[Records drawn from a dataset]
※ ※ ※
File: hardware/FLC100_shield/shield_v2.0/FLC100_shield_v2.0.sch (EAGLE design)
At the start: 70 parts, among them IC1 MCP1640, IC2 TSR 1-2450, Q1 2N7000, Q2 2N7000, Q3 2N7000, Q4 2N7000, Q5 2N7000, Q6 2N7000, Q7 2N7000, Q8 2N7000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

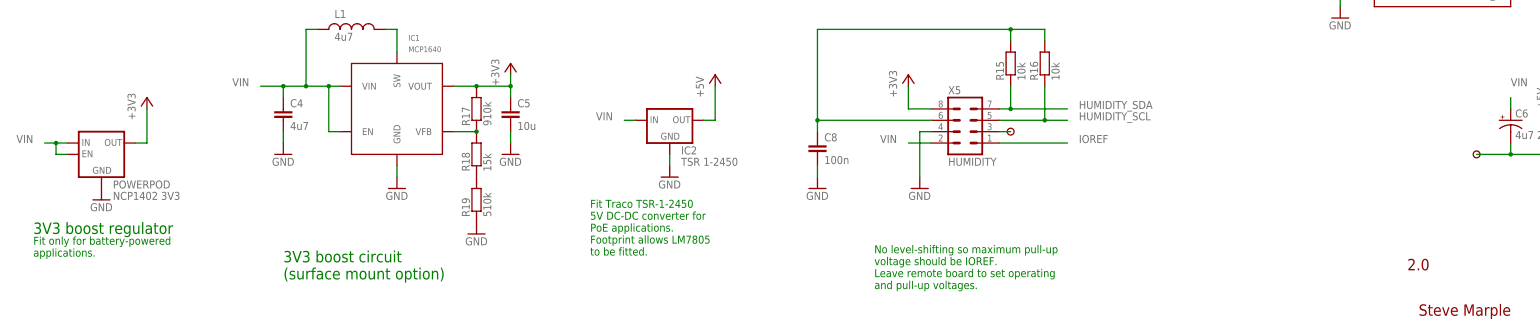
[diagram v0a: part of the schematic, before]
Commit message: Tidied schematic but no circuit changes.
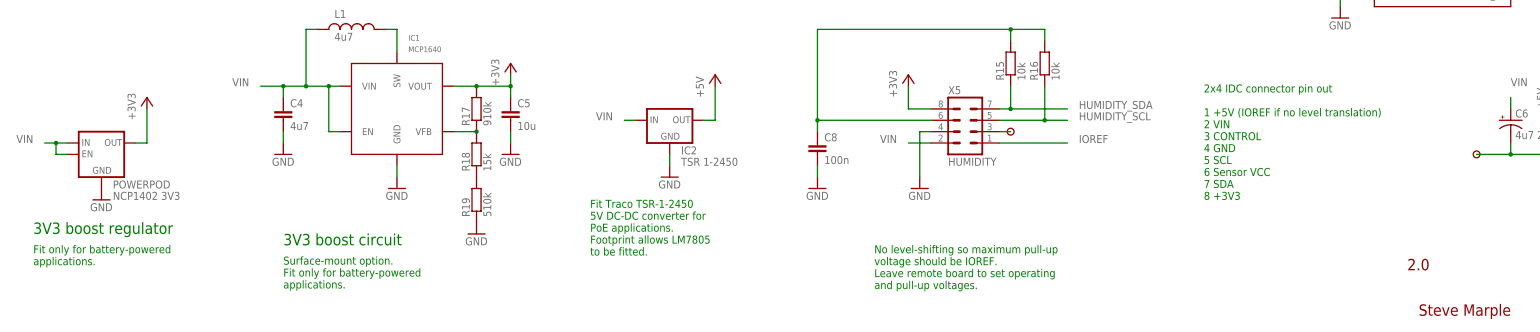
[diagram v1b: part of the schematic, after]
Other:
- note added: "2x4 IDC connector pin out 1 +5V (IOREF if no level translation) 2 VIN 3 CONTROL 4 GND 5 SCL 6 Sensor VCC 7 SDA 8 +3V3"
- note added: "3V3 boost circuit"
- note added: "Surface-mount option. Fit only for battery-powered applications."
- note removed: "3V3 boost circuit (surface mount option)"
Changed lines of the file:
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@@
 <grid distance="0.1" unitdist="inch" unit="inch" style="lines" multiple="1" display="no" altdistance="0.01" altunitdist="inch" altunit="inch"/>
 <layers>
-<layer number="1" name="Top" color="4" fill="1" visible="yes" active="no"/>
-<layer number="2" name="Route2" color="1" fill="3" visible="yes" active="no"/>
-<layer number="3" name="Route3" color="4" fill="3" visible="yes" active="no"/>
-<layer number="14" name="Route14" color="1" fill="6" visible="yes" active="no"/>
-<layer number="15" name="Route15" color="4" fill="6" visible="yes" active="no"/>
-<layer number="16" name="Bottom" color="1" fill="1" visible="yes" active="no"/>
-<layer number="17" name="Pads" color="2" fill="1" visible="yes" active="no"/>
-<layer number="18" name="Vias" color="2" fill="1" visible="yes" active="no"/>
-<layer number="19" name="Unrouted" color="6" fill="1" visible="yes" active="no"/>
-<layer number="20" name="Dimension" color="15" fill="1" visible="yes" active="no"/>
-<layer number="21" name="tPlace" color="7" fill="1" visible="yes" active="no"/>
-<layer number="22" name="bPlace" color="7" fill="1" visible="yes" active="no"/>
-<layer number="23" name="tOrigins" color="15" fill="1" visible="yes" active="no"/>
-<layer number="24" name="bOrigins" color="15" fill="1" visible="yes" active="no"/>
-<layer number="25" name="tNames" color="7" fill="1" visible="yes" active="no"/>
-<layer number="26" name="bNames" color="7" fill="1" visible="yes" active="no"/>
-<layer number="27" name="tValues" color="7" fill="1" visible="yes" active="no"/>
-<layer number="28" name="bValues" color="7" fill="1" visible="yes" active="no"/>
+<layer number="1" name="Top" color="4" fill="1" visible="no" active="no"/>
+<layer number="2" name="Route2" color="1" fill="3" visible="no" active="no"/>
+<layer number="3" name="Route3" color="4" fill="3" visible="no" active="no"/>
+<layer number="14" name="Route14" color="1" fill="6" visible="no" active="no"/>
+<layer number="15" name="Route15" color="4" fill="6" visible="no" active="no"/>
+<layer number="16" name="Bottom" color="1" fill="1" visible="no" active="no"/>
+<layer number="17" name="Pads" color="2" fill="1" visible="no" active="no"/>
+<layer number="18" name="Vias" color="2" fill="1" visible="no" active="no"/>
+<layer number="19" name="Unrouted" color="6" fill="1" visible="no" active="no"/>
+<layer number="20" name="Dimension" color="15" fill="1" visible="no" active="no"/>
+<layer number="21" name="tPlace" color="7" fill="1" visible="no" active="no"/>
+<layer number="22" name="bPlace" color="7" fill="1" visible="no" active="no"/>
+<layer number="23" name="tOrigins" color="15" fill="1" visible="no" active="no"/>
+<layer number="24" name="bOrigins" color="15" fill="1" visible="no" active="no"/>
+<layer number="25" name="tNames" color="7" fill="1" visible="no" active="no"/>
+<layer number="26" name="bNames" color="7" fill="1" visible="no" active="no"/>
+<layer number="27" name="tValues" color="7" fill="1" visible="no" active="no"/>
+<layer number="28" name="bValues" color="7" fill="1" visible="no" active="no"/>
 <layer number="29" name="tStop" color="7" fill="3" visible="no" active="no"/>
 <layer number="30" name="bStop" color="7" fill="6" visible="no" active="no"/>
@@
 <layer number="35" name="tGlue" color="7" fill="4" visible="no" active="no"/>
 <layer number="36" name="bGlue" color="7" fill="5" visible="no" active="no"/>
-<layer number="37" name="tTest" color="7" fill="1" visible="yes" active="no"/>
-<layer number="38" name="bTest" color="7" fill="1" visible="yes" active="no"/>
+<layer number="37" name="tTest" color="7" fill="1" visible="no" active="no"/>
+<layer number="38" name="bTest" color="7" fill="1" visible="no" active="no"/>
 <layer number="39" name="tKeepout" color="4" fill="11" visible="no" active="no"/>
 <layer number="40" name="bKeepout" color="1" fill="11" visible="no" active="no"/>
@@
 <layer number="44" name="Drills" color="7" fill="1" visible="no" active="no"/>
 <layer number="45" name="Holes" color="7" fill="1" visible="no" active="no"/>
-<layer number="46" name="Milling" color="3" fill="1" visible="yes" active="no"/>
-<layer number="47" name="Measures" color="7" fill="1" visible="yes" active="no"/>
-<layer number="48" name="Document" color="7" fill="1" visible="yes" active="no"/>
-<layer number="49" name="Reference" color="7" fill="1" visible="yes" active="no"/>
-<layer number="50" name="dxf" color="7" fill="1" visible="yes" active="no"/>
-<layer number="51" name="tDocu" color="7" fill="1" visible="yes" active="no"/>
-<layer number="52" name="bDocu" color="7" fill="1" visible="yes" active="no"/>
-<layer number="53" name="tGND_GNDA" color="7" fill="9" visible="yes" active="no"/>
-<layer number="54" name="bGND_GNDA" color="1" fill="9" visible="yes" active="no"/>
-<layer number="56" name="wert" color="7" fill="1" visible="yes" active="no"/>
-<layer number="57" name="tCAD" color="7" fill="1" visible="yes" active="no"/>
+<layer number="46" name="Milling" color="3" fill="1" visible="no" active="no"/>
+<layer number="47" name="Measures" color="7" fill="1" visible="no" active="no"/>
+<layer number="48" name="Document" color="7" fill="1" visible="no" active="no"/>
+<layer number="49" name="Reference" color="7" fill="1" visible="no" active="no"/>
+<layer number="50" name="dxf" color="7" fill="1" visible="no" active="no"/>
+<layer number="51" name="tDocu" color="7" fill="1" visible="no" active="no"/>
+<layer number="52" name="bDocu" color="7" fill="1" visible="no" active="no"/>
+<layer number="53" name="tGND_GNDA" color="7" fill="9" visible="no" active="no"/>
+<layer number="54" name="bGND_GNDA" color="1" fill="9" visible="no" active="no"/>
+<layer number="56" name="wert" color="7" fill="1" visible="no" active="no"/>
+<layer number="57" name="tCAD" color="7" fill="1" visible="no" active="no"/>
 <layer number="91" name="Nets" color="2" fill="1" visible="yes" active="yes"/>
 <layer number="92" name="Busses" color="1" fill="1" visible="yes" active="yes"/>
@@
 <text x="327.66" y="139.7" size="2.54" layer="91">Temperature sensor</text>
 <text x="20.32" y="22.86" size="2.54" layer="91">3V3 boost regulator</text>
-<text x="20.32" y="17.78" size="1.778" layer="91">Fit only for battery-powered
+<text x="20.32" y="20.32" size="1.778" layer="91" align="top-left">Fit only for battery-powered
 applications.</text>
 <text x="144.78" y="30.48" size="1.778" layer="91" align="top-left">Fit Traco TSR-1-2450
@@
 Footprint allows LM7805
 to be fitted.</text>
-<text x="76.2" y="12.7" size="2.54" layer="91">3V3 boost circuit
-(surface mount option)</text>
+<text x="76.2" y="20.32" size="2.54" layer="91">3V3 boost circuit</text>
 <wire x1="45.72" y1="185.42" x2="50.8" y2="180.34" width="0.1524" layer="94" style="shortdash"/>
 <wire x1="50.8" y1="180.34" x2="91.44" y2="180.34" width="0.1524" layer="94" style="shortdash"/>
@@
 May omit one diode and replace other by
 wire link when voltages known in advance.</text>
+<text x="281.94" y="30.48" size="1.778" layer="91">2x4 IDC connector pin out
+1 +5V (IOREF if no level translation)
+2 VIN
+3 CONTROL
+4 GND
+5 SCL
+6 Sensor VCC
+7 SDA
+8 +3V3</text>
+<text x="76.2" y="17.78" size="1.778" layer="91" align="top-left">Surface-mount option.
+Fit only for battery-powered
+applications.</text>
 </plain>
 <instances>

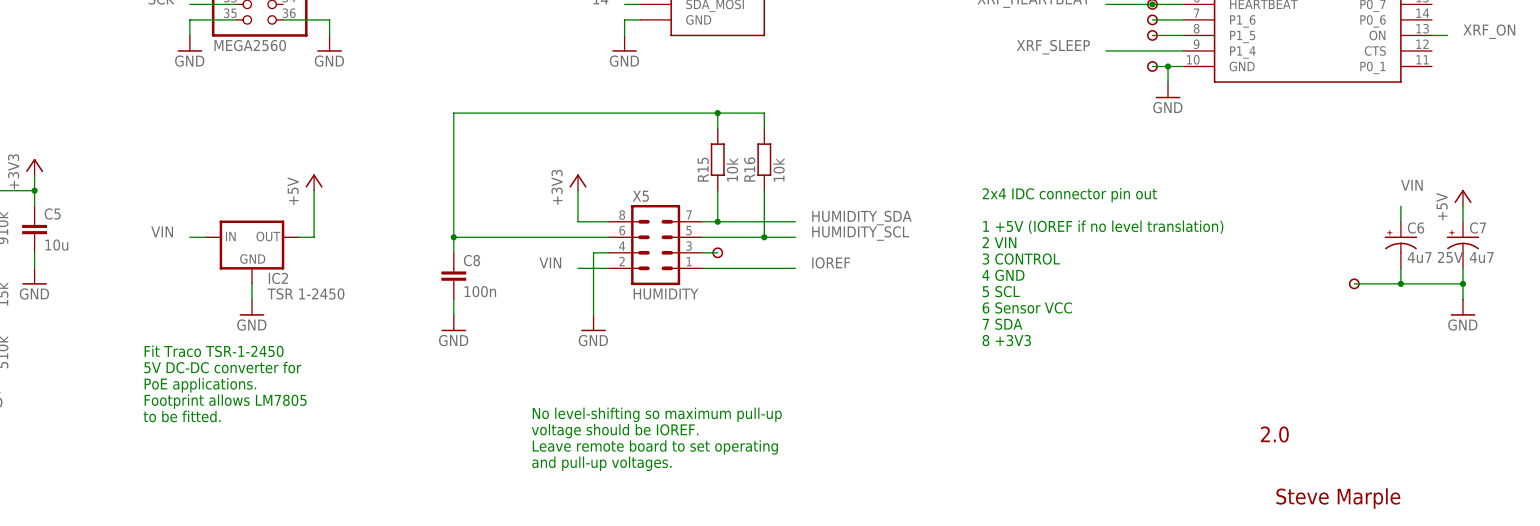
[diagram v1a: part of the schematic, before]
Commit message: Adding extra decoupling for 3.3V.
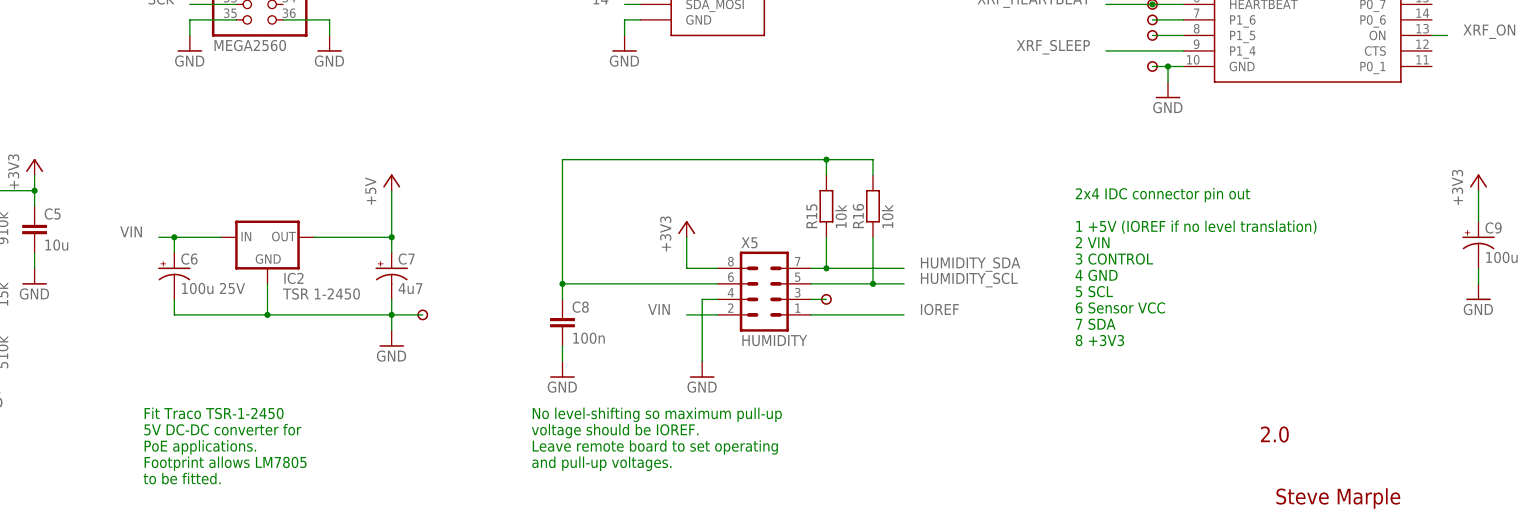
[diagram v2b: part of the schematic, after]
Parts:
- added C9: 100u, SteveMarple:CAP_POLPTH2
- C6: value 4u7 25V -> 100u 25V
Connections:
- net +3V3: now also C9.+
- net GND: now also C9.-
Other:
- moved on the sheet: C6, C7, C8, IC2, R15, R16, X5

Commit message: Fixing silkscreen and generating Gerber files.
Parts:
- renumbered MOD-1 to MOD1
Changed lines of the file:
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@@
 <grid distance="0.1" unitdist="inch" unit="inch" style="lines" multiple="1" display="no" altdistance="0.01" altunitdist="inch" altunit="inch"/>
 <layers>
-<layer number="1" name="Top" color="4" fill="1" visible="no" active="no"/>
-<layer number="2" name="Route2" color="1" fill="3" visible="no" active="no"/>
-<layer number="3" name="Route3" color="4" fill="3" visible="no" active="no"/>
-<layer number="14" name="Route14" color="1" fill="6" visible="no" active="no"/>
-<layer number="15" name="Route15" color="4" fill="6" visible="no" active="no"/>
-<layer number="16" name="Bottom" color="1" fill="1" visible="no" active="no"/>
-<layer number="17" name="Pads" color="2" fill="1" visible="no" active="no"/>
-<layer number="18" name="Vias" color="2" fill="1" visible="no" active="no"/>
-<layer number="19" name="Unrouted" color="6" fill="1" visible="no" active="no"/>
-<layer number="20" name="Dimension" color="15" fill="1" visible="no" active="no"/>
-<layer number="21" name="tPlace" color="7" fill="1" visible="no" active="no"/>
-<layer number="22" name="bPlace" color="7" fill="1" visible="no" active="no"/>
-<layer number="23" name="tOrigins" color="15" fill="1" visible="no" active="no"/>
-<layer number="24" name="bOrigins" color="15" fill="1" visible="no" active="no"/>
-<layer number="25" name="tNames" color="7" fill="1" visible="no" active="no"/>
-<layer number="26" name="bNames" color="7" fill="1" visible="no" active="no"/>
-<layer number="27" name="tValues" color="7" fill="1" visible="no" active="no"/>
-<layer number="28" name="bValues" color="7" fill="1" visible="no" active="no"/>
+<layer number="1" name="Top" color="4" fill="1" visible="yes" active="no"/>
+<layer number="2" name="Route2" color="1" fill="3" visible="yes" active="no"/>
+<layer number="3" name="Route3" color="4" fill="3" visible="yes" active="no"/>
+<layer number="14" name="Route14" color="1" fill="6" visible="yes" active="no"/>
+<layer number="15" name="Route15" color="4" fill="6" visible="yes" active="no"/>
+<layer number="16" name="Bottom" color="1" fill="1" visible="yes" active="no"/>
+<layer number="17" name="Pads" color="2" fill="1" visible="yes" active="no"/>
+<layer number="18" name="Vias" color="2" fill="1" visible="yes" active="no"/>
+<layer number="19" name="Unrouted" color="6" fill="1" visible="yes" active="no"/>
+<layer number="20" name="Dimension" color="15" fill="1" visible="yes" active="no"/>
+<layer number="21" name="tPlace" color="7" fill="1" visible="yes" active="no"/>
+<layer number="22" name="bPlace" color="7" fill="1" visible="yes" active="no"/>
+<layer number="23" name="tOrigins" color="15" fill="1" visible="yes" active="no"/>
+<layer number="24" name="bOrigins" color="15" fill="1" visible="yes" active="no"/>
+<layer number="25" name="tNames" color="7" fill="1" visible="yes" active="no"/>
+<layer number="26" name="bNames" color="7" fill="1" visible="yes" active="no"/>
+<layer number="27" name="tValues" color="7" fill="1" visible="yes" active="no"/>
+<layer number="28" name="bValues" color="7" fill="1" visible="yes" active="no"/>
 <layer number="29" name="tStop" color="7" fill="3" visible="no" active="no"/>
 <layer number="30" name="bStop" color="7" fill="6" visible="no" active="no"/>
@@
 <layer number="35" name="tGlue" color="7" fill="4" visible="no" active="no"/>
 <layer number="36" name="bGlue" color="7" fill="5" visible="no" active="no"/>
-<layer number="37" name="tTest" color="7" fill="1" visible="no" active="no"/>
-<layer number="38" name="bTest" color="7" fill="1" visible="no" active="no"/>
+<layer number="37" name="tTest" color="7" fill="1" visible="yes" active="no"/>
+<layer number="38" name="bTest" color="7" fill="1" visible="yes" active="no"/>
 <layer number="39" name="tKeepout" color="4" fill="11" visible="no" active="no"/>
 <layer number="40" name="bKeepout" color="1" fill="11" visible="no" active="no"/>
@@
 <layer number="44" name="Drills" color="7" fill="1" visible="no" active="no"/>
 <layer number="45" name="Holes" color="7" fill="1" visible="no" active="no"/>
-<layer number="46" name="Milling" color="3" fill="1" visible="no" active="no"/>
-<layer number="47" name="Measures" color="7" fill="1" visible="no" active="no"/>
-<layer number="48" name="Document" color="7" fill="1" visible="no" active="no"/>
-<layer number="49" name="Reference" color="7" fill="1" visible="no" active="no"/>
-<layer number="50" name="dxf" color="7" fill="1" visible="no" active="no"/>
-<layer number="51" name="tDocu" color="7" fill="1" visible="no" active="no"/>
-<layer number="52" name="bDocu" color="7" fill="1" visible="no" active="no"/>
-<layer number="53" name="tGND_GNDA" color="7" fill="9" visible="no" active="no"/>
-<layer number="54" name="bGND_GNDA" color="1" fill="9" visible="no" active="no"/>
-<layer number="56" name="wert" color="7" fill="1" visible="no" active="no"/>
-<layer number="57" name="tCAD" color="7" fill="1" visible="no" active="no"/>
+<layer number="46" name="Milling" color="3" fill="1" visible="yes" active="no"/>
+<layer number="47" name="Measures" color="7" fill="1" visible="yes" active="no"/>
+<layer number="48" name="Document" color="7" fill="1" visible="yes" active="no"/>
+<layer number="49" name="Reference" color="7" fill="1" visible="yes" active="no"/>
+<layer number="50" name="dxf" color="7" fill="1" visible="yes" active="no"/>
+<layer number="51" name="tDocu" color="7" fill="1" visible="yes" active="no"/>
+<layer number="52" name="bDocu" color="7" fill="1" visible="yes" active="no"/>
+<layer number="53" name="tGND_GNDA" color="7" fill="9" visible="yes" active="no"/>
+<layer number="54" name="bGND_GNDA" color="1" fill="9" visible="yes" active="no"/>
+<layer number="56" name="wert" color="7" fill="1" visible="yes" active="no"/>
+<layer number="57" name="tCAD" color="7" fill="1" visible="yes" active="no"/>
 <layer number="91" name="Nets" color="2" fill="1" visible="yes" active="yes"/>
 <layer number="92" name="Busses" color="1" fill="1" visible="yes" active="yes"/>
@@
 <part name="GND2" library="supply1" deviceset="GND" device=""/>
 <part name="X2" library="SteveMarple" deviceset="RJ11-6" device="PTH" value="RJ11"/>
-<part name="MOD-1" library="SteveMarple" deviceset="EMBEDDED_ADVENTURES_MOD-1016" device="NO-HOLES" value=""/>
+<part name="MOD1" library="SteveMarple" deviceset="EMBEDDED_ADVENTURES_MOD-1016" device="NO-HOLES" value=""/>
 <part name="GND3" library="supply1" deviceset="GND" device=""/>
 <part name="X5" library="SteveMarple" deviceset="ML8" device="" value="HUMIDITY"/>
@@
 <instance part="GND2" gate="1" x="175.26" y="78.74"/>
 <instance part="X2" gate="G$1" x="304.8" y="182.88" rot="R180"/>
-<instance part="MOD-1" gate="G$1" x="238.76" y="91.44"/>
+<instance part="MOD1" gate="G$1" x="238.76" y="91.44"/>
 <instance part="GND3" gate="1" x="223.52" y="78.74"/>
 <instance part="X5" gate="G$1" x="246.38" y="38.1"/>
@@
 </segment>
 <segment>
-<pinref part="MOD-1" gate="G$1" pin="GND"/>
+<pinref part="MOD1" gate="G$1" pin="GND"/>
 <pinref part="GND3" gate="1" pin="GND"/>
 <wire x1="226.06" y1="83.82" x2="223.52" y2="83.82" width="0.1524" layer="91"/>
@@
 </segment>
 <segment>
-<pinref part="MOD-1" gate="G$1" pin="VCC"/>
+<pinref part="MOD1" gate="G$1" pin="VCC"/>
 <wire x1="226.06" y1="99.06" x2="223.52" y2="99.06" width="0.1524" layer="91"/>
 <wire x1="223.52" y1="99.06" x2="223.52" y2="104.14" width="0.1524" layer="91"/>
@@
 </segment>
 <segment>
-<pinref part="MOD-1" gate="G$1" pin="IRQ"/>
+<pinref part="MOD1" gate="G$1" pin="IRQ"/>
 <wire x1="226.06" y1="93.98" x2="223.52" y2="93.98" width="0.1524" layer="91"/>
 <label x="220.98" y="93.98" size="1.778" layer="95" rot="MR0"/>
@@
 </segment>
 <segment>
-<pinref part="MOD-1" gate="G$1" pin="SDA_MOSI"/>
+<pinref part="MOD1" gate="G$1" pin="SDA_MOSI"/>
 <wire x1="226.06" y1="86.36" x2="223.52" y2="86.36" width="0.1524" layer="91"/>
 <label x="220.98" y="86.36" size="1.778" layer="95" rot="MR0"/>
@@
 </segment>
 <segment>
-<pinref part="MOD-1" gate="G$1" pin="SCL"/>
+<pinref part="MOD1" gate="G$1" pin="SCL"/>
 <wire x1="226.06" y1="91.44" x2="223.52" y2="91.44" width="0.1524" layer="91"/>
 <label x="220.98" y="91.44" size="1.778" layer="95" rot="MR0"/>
※ ※ ※
* [What is expected] Please filter the entries above down to the lines holding "style" and copy them.

* [Task solution]
 <grid distance="0.1" unitdist="inch" unit="inch" style="lines" multiple="1" display="no" altdistance="0.01" altunitdist="inch" altunit="inch"/>
 <wire x1="45.72" y1="185.42" x2="50.8" y2="180.34" width="0.1524" layer="94" style="shortdash"/>
 <wire x1="50.8" y1="180.34" x2="91.44" y2="180.34" width="0.1524" layer="94" style="shortdash"/>
 <grid distance="0.1" unitdist="inch" unit="inch" style="lines" multiple="1" display="no" altdistance="0.01" altunitdist="inch" altunit="inch"/>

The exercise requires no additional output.